The major concern is the error rate. More specifically, it’s the kind of error. According to Nanopore, the ‘indel’ error rate is about four percent. That is, every four out of one hundred bases, a base is either erroneously added or deleted due to sequencing error. When I’ve seen data of the same strain–a clinical isolate of E. coli–sequenced with different technologies, the overall assembly statistics often look good: we’re able to assemble it into a few pieces (remember, fewer pieces is better). If there’s a known reference, most of the reference is successfully sequenced too.
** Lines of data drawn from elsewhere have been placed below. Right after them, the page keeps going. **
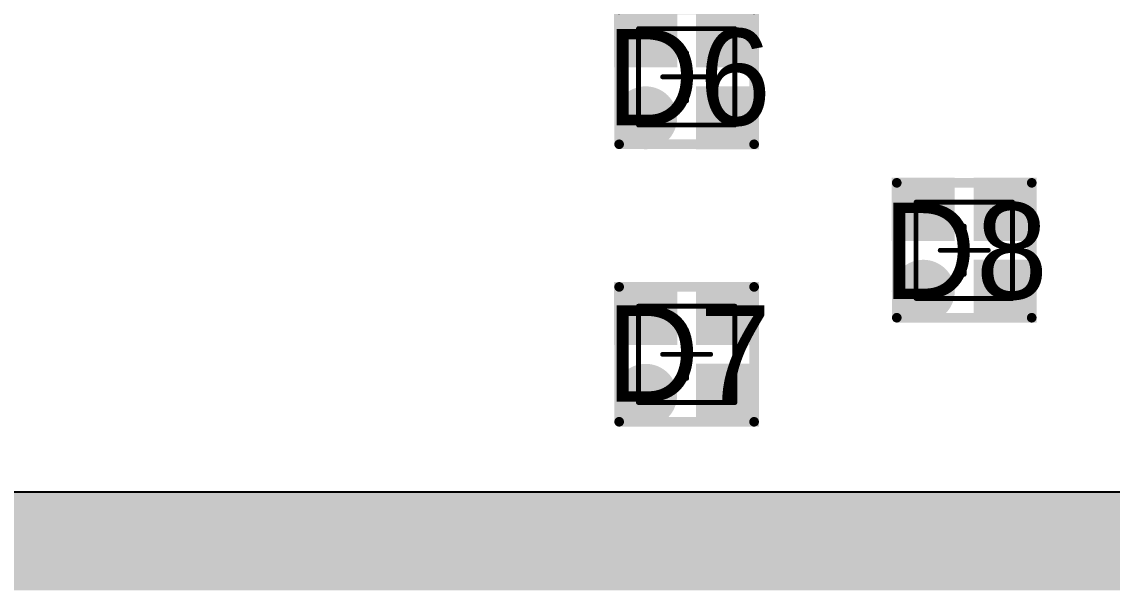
# Model space of a CAD drawing. Header units: millimetres. Extents: x 99 to 211, y 56 to 141.
# Drawn here: x 110.8 to 122.11, y 99.49 to 105.39 of the extents above; entities that cross this region are included whole.
import ezdxf

# ---------------------------------------------------------------- set-up
doc = ezdxf.new("R2010")
doc.units = ezdxf.units.MM
for name, color, linetype in [('InternalPlane1', 76, 'Continuous'), ('InternalPlane2', 16, 'Continuous'), ('Mechanical12', 56, 'Continuous'), ('Mechanical13', 56, 'Continuous'), ('Mechanical15', 56, 'Continuous'), ('TopLayer', 1, 'Continuous'), ('TopPaste', 8, 'Continuous'), ('TopSolder', 216, 'Continuous')]:
    doc.layers.add(name, color=color, linetype=linetype)

# ---------------------------------------------------------------- blocks, each defined once
blk = doc.blocks.new('LED0402SX_N_20')
at = {"layer": 'Mechanical13', "const_width": 0.05}
for points in [[(-0.5, 0.5), (0.5, 0.5)], [(-0.5, -0.5), (-0.5, 0.5)], [(0.5, -0.5), (0.5, 0.5)], [(-0.5, -0.5), (0.5, -0.5)]]:
    blk.add_lwpolyline(points, dxfattribs=at)
at = {"layer": 'Mechanical13', "const_width": 0.025}
for points in [[(-0.512, 0.5, 1), (-0.487, 0.5, 1)], [(-0.512, 0.5, 1), (-0.487, 0.5, 1)], [(0.488, 0.5, 1), (0.513, 0.5, 1)], [(0.488, 0.5, 1), (0.513, 0.5, 1)], [(-0.512, -0.5, 1), (-0.487, -0.5, 1)], [(-0.512, -0.5, 1), (-0.487, -0.5, 1)], [(0.488, -0.5, 1), (0.513, -0.5, 1)], [(0.488, -0.5, 1), (0.513, -0.5, 1)]]:
    blk.add_lwpolyline(points, format="xyb", close=True, dxfattribs=at)
at = {"layer": 'Mechanical15'}
for points, const_width in [([(-0.7, 0.7), (0.7, 0.7)], 0.1), ([(-0.7, -0.7), (-0.7, 0.7)], 0.1), ([(0.7, -0.7), (0.7, 0.7)], 0.1), ([(0, -0.25), (0, 0.25)], 0.05), ([(-0.25, 0), (0.25, 0)], 0.05), ([(-0.7, -0.7), (0.7, -0.7)], 0.1)]:
    blk.add_lwpolyline(points, dxfattribs=dict(at, const_width=const_width))
for points, const_width in [([(-0.725, 0.7, 1), (-0.675, 0.7, 1)], 0.05), ([(-0.725, 0.7, 1), (-0.675, 0.7, 1)], 0.05), ([(0.675, 0.7, 1), (0.725, 0.7, 1)], 0.05), ([(0.675, 0.7, 1), (0.725, 0.7, 1)], 0.05), ([(-0.013, 0.25, 1), (0.012, 0.25, 1)], 0.025), ([(-0.262, 0, 1), (-0.237, 0, 1)], 0.025), ([(0.237, 0, 1), (0.262, 0, 1)], 0.025), ([(-0.013, -0.25, 1), (0.012, -0.25, 1)], 0.025), ([(-0.725, -0.7, 1), (-0.675, -0.7, 1)], 0.05), ([(-0.725, -0.7, 1), (-0.675, -0.7, 1)], 0.05), ([(0.675, -0.7, 1), (0.725, -0.7, 1)], 0.05), ([(0.675, -0.7, 1), (0.725, -0.7, 1)], 0.05)]:
    blk.add_lwpolyline(points, format="xyb", close=True, dxfattribs=dict(at, const_width=const_width))
at = {"layer": 'TopLayer', "const_width": 0.225}
blk.add_lwpolyline([(-0.537, -0.425, 1), (-0.313, -0.425, 1)], format="xyb", close=True, dxfattribs=at)
at = {"layer": 'TopLayer'}
for points in [[(-0.65, 0.2), (-0.2, 0.2), (-0.65, 0.65), (-0.2, 0.65)], [(0.2, 0.2), (0.65, 0.2), (0.2, 0.65), (0.65, 0.65)], [(0.2, -0.65), (0.65, -0.65), (0.2, -0.2), (0.65, -0.2)]]:
    blk.add_solid(points, dxfattribs=at)
at = {"layer": 'TopPaste', "const_width": 0.225}
blk.add_lwpolyline([(-0.537, -0.425, 1), (-0.313, -0.425, 1)], format="xyb", close=True, dxfattribs=at)
at = {"layer": 'TopPaste'}
for points in [[(-0.65, 0.2), (-0.2, 0.2), (-0.65, 0.65), (-0.2, 0.65)], [(0.2, 0.2), (0.65, 0.2), (0.2, 0.65), (0.65, 0.65)], [(0.2, -0.65), (0.65, -0.65), (0.2, -0.2), (0.65, -0.2)]]:
    blk.add_solid(points, dxfattribs=at)
at = {"layer": 'TopSolder', "const_width": 0.327}
blk.add_lwpolyline([(-0.588, -0.425, 1), (-0.262, -0.425, 1)], format="xyb", close=True, dxfattribs=at)
at = {"layer": 'TopSolder'}
for points in [[(-0.752, 0.098), (-0.098, 0.098), (-0.752, 0.752), (-0.098, 0.752)], [(0.098, 0.098), (0.752, 0.098), (0.098, 0.752), (0.752, 0.752)], [(0.098, -0.752), (0.752, -0.752), (0.098, -0.098), (0.752, -0.098)]]:
    blk.add_solid(points, dxfattribs=at)
blk = doc.blocks.new('LED0402SX_N_21')
at = {"layer": 'Mechanical13', "const_width": 0.05}
for points in [[(-0.5, 0.5), (0.5, 0.5)], [(-0.5, -0.5), (-0.5, 0.5)], [(0.5, -0.5), (0.5, 0.5)], [(-0.5, -0.5), (0.5, -0.5)]]:
    blk.add_lwpolyline(points, dxfattribs=at)
at = {"layer": 'Mechanical13', "const_width": 0.025}
for points in [[(-0.512, 0.5, 1), (-0.487, 0.5, 1)], [(-0.512, 0.5, 1), (-0.487, 0.5, 1)], [(0.488, 0.5, 1), (0.513, 0.5, 1)], [(0.488, 0.5, 1), (0.513, 0.5, 1)], [(-0.512, -0.5, 1), (-0.487, -0.5, 1)], [(-0.512, -0.5, 1), (-0.487, -0.5, 1)], [(0.488, -0.5, 1), (0.513, -0.5, 1)], [(0.488, -0.5, 1), (0.513, -0.5, 1)]]:
    blk.add_lwpolyline(points, format="xyb", close=True, dxfattribs=at)
at = {"layer": 'Mechanical15'}
for points, const_width in [([(-0.7, 0.7), (0.7, 0.7)], 0.1), ([(-0.7, -0.7), (-0.7, 0.7)], 0.1), ([(0.7, -0.7), (0.7, 0.7)], 0.1), ([(0, -0.25), (0, 0.25)], 0.05), ([(-0.25, 0), (0.25, 0)], 0.05), ([(-0.7, -0.7), (0.7, -0.7)], 0.1)]:
    blk.add_lwpolyline(points, dxfattribs=dict(at, const_width=const_width))
for points, const_width in [([(-0.725, 0.7, 1), (-0.675, 0.7, 1)], 0.05), ([(-0.725, 0.7, 1), (-0.675, 0.7, 1)], 0.05), ([(0.675, 0.7, 1), (0.725, 0.7, 1)], 0.05), ([(0.675, 0.7, 1), (0.725, 0.7, 1)], 0.05), ([(-0.013, 0.25, 1), (0.012, 0.25, 1)], 0.025), ([(-0.262, 0, 1), (-0.237, 0, 1)], 0.025), ([(0.237, 0, 1), (0.262, 0, 1)], 0.025), ([(-0.013, -0.25, 1), (0.012, -0.25, 1)], 0.025), ([(-0.725, -0.7, 1), (-0.675, -0.7, 1)], 0.05), ([(-0.725, -0.7, 1), (-0.675, -0.7, 1)], 0.05), ([(0.675, -0.7, 1), (0.725, -0.7, 1)], 0.05), ([(0.675, -0.7, 1), (0.725, -0.7, 1)], 0.05)]:
    blk.add_lwpolyline(points, format="xyb", close=True, dxfattribs=dict(at, const_width=const_width))
at = {"layer": 'TopLayer', "const_width": 0.225}
blk.add_lwpolyline([(-0.537, -0.425, 1), (-0.313, -0.425, 1)], format="xyb", close=True, dxfattribs=at)
at = {"layer": 'TopLayer'}
for points in [[(-0.65, 0.2), (-0.2, 0.2), (-0.65, 0.65), (-0.2, 0.65)], [(0.2, 0.2), (0.65, 0.2), (0.2, 0.65), (0.65, 0.65)], [(0.2, -0.65), (0.65, -0.65), (0.2, -0.2), (0.65, -0.2)]]:
    blk.add_solid(points, dxfattribs=at)
at = {"layer": 'TopPaste', "const_width": 0.225}
blk.add_lwpolyline([(-0.537, -0.425, 1), (-0.313, -0.425, 1)], format="xyb", close=True, dxfattribs=at)
at = {"layer": 'TopPaste'}
for points in [[(-0.65, 0.2), (-0.2, 0.2), (-0.65, 0.65), (-0.2, 0.65)], [(0.2, 0.2), (0.65, 0.2), (0.2, 0.65), (0.65, 0.65)], [(0.2, -0.65), (0.65, -0.65), (0.2, -0.2), (0.65, -0.2)]]:
    blk.add_solid(points, dxfattribs=at)
at = {"layer": 'TopSolder', "const_width": 0.327}
blk.add_lwpolyline([(-0.588, -0.425, 1), (-0.262, -0.425, 1)], format="xyb", close=True, dxfattribs=at)
at = {"layer": 'TopSolder'}
for points in [[(-0.752, 0.098), (-0.098, 0.098), (-0.752, 0.752), (-0.098, 0.752)], [(0.098, 0.098), (0.752, 0.098), (0.098, 0.752), (0.752, 0.752)], [(0.098, -0.752), (0.752, -0.752), (0.098, -0.098), (0.752, -0.098)]]:
    blk.add_solid(points, dxfattribs=at)
blk = doc.blocks.new('LED0402SX_N_22')
at = {"layer": 'Mechanical13', "const_width": 0.05}
for points in [[(-0.5, 0.5), (0.5, 0.5)], [(-0.5, -0.5), (-0.5, 0.5)], [(0.5, -0.5), (0.5, 0.5)], [(-0.5, -0.5), (0.5, -0.5)]]:
    blk.add_lwpolyline(points, dxfattribs=at)
at = {"layer": 'Mechanical13', "const_width": 0.025}
for points in [[(-0.512, 0.5, 1), (-0.487, 0.5, 1)], [(-0.512, 0.5, 1), (-0.487, 0.5, 1)], [(0.488, 0.5, 1), (0.513, 0.5, 1)], [(0.488, 0.5, 1), (0.513, 0.5, 1)], [(-0.512, -0.5, 1), (-0.487, -0.5, 1)], [(-0.512, -0.5, 1), (-0.487, -0.5, 1)], [(0.488, -0.5, 1), (0.513, -0.5, 1)], [(0.488, -0.5, 1), (0.513, -0.5, 1)]]:
    blk.add_lwpolyline(points, format="xyb", close=True, dxfattribs=at)
at = {"layer": 'Mechanical15'}
for points, const_width in [([(-0.7, 0.7), (0.7, 0.7)], 0.1), ([(-0.7, -0.7), (-0.7, 0.7)], 0.1), ([(0.7, -0.7), (0.7, 0.7)], 0.1), ([(0, -0.25), (0, 0.25)], 0.05), ([(-0.25, 0), (0.25, 0)], 0.05), ([(-0.7, -0.7), (0.7, -0.7)], 0.1)]:
    blk.add_lwpolyline(points, dxfattribs=dict(at, const_width=const_width))
for points, const_width in [([(-0.725, 0.7, 1), (-0.675, 0.7, 1)], 0.05), ([(-0.725, 0.7, 1), (-0.675, 0.7, 1)], 0.05), ([(0.675, 0.7, 1), (0.725, 0.7, 1)], 0.05), ([(0.675, 0.7, 1), (0.725, 0.7, 1)], 0.05), ([(-0.013, 0.25, 1), (0.012, 0.25, 1)], 0.025), ([(-0.262, 0, 1), (-0.237, 0, 1)], 0.025), ([(0.237, 0, 1), (0.262, 0, 1)], 0.025), ([(-0.013, -0.25, 1), (0.012, -0.25, 1)], 0.025), ([(-0.725, -0.7, 1), (-0.675, -0.7, 1)], 0.05), ([(-0.725, -0.7, 1), (-0.675, -0.7, 1)], 0.05), ([(0.675, -0.7, 1), (0.725, -0.7, 1)], 0.05), ([(0.675, -0.7, 1), (0.725, -0.7, 1)], 0.05)]:
    blk.add_lwpolyline(points, format="xyb", close=True, dxfattribs=dict(at, const_width=const_width))
at = {"layer": 'TopLayer', "const_width": 0.225}
blk.add_lwpolyline([(-0.537, -0.425, 1), (-0.312, -0.425, 1)], format="xyb", close=True, dxfattribs=at)
at = {"layer": 'TopLayer'}
for points in [[(-0.65, 0.2), (-0.2, 0.2), (-0.65, 0.65), (-0.2, 0.65)], [(0.2, 0.2), (0.65, 0.2), (0.2, 0.65), (0.65, 0.65)], [(0.2, -0.65), (0.65, -0.65), (0.2, -0.2), (0.65, -0.2)]]:
    blk.add_solid(points, dxfattribs=at)
at = {"layer": 'TopPaste', "const_width": 0.225}
blk.add_lwpolyline([(-0.537, -0.425, 1), (-0.312, -0.425, 1)], format="xyb", close=True, dxfattribs=at)
at = {"layer": 'TopPaste'}
for points in [[(-0.65, 0.2), (-0.2, 0.2), (-0.65, 0.65), (-0.2, 0.65)], [(0.2, 0.2), (0.65, 0.2), (0.2, 0.65), (0.65, 0.65)], [(0.2, -0.65), (0.65, -0.65), (0.2, -0.2), (0.65, -0.2)]]:
    blk.add_solid(points, dxfattribs=at)
at = {"layer": 'TopSolder', "const_width": 0.327}
blk.add_lwpolyline([(-0.588, -0.425, 1), (-0.262, -0.425, 1)], format="xyb", close=True, dxfattribs=at)
at = {"layer": 'TopSolder'}
for points in [[(-0.752, 0.098), (-0.098, 0.098), (-0.752, 0.752), (-0.098, 0.752)], [(0.098, 0.098), (0.752, 0.098), (0.098, 0.752), (0.752, 0.752)], [(0.098, -0.752), (0.752, -0.752), (0.098, -0.098), (0.752, -0.098)]]:
    blk.add_solid(points, dxfattribs=at)

msp = doc.modelspace()

# ---------------------------------------------------------------- linework, layer by layer
at = {"layer": 'InternalPlane1'}
msp.add_line((209.49, 100.51), (100.51, 100.51), dxfattribs=at)
at = {"layer": 'InternalPlane1', "const_width": 1.016}
msp.add_lwpolyline([(100, 100), (210, 100)], dxfattribs=at)
at = {"layer": 'InternalPlane2'}
msp.add_line((209.49, 100.51), (100.51, 100.51), dxfattribs=at)
at = {"layer": 'InternalPlane2', "const_width": 1.016}
msp.add_lwpolyline([(100, 100), (210, 100)], dxfattribs=at)

# ---------------------------------------------------------------- block references
for name, p in [('LED0402SX_N_20', (117.7, 104.82)), ('LED0402SX_N_22', (120.58, 103.02)), ('LED0402SX_N_21', (117.7, 101.94))]:
    msp.add_blockref(name, p)

# ---------------------------------------------------------------- texts
at = {"layer": 'Mechanical12'}
for s, p in [('D6', (116.865, 104.318)), ('D8', (119.736, 102.514)), ('D7', (116.865, 101.448))]:
    msp.add_text(s, height=1, dxfattribs=at).set_placement(p)

doc.saveas('drawing.dxf')

But the problem comes when we try to annotate the genome–that is, figure out what the genes are contained in the sequence. In my experience, technologies that have a lot of ‘indels’ in the raw sequence end up with lots of ‘broken genes’ because enough of those indels wind up in the final, assembled genome (for the cognoscenti, a 1-in-10,000 final indel rate will bust up lots of genes). To explain this, consider this ‘toy’ gene (genes are much longer, but bear with me):
ATG CCC ATA TGA
This encodes a protein that’s three amino acids long (an amino acid is the smallest subunit of a protein and is represented by three nucleotides known as a codon). The “TGA” is a ‘stop codon’ and represents the end of the protein. Now, imagine we have an indel in our sequence (the boldface is the insertion):
ATG CCC CAT ATG A
OH NOES! Not only have we changed the amino acid in the third position (ATA –> CAT), but we removed the stop codon so the software that identifies genes (a ‘gene caller’) just keeps on going, like the runaway subway car in Pelham 123 (ALL THE LIGHTS ARE GREEN!! AAAIIEEE!!!). We now incorrectly think the protein is much longer. Not only did we screw up this gene, but we might have also read into the next gene (ALL THE LIGHTS ARE GREEN!! AAAIIEEE!!!), thereby screwing that one up too. Like I mentioned, in my experience, indel prone technologies yield many more indels in the final genome sequence. Many more.
Now, a human can catch this and note it, but humans are error-prone and slow. Slow means expensive and puts the kabosh on the whole hundreds per week idea. Unless the error is confirmed though, we have to treat it as ‘real’ for any kind of analysis (otherwise we’re cheating). We can manually confirm these errors, but that’s even slower and more expensive.
What profit a Mad Biologist who gains cheap sequence only to have to pay tons of money on the back end? (I think that’s in the Bible somewhere).
Now, Oxford Nanopore claims that, by the time the sequencers ship, they’ll have fixed this. If they do, this technology is a breakthrough. If not, it still has utility, in that we can use it to stitch contigs together, but then it’s a companion technology, not the
droids breakthrough we’ve been looking for. When research groups put Nanopore through its paces, then we’ll see if it lives up to the promise (or hype, if you prefer).
Hopefully, it will.
*Since I don’t work on human genomes which are about ~1000 times larger than bacterial ones, the actual sequencing costs are trivial. Library construction costs are the same, however, regardless of the size of the genome. I occasional joke that I’m not in the sequencing business but the library construction business, since that’s the expensive part.